The National Standards Authority of Ireland (NSAI) has been approved for designation to the new Medical Device Regulations (MDR). This hugely significant achievement makes NSAI only the 11th notified body in the world to be designated to the new medical device regulation. Further information on this notable achievement can be found here < https://lnkd.in/dx5auvY>
As an NSAI certified ISO 9001:2015 company Real Regulatory congratulates the team at NSAI on the recent approval.
EMA has announced that two ICH Guidances – ICH E9(R1) addendum on estimates < https://lnkd.in/dgU3jCr> and sensitivity analysis in clinical trials and ICH S5(R3) on reproductive toxicology < https://lnkd.in/dWApy26> – will take effect in EU on 30 July 2020. The E9(R1) addendum presents a framework for defining an appropriate estimate for a clinical trial and conducting sensitivity analyses.
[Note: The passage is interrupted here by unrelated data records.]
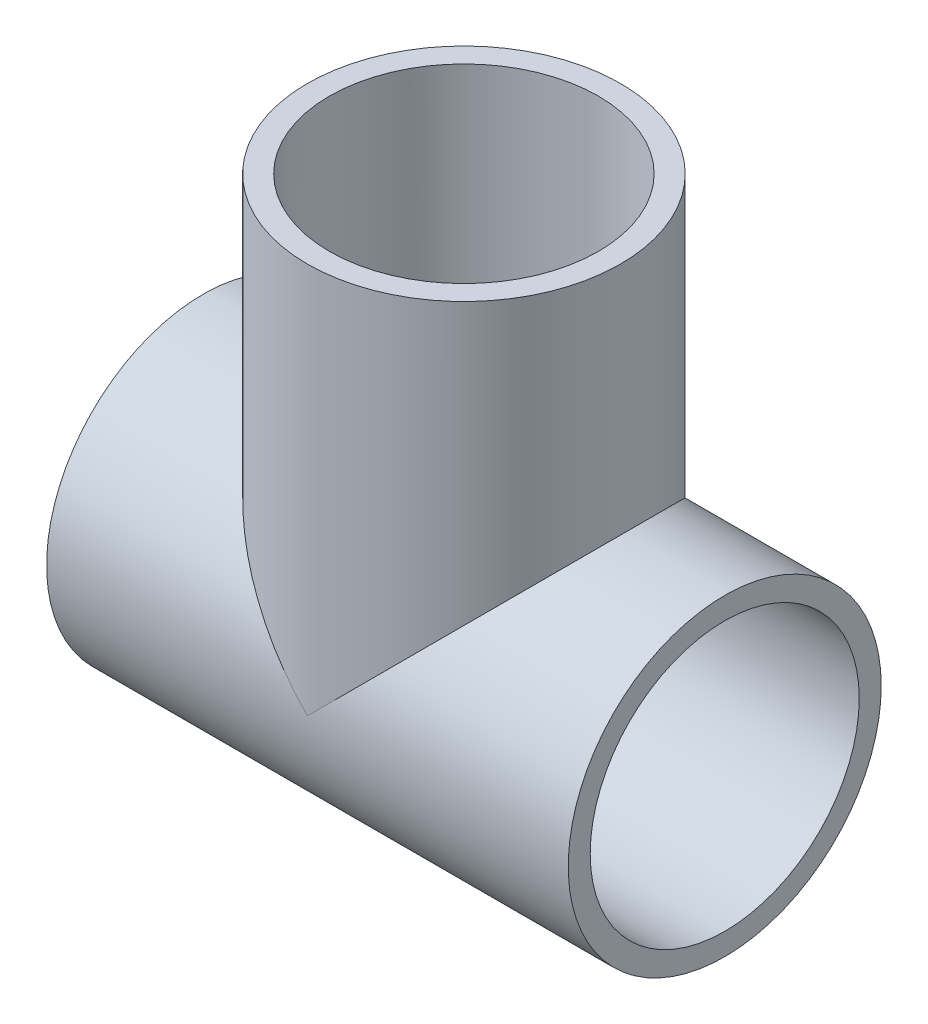
SolidWorks part; units mm, degrees
material "Nylon 101"
ref_plane "Front Plane" through (0, 0, 0) normal (0, 0, 1) x (1, 0, 0)
ref_plane "Top Plane" through (0, 0, 0) normal (0, 1, 0) x (1, 0, 0)
ref_plane "Right Plane" through (0, 0, 0) normal (1, 0, 0) x (0, 0, -1)
sketch "Sketch1" plane through (0, 0, 0) normal (1, 0, 0) x (0, 0, -1)
  circle A0 centre (0, 0) radius 7.62
  dimension "D2" = 15.24
extrude "Boss-Extrude1" add sketch "Sketch1" along normal blind 25.4
sketch "Sketch2" plane through (0, 0, 0) normal (0, 1, 0) x (1, 0, 0)
  circle A1 centre (12.7, 0) radius 7.62
  dimension "D3" = 15.24
  dimension "D1" = 12.7
extrude "Boss-Extrude2" add sketch "Sketch2" along normal blind 19.05
sketch "Sketch3" plane through (25.4, 0, 0) normal (1, 0, 0) x (0, 0, -1)
  circle A0 centre (0, 0) radius 6.55
  dimension "D1" = 13.1
extrude "Cut-Extrude1" cut sketch "Sketch3" against normal through all
sketch "Sketch4" plane through (0, 19.05, 0) normal (0, 1, 0) x (1, 0, 0)
  circle A0 centre (12.7, 0) radius 6.55
  dimension "D1" = 13.1
extrude "Cut-Extrude2" cut sketch "Sketch4" against normal up to next

While the S5(R3) guideline, ICH sets out recommendations for a harmonized approach to assessing nonclinical developmental and reproductive toxicity (DART) testing used to support clinical trials and drug approvals.
EMA has published an updated status on the list of proposed actions to improve the regulatory framework for ATMPs. The complete list can be found under this link <https://lnkd.in/dvx_6RZ>.
Under line item 6, finalisation of the EMA guideline on investigational ATMPs is expected by Q4 2020. It is stated that ‘The Guideline will not change the competence of Member States to approve clinical trials but it will help create common standards for the assessment of these novel products.’ Under line item 7, in relation to the guideline ‘Quality, non-clinical and clinical aspects of medicinal products containing genetically modified cells (CHMP/ GTWP/671639/2008)’, finalisation is expected by Q2 2020.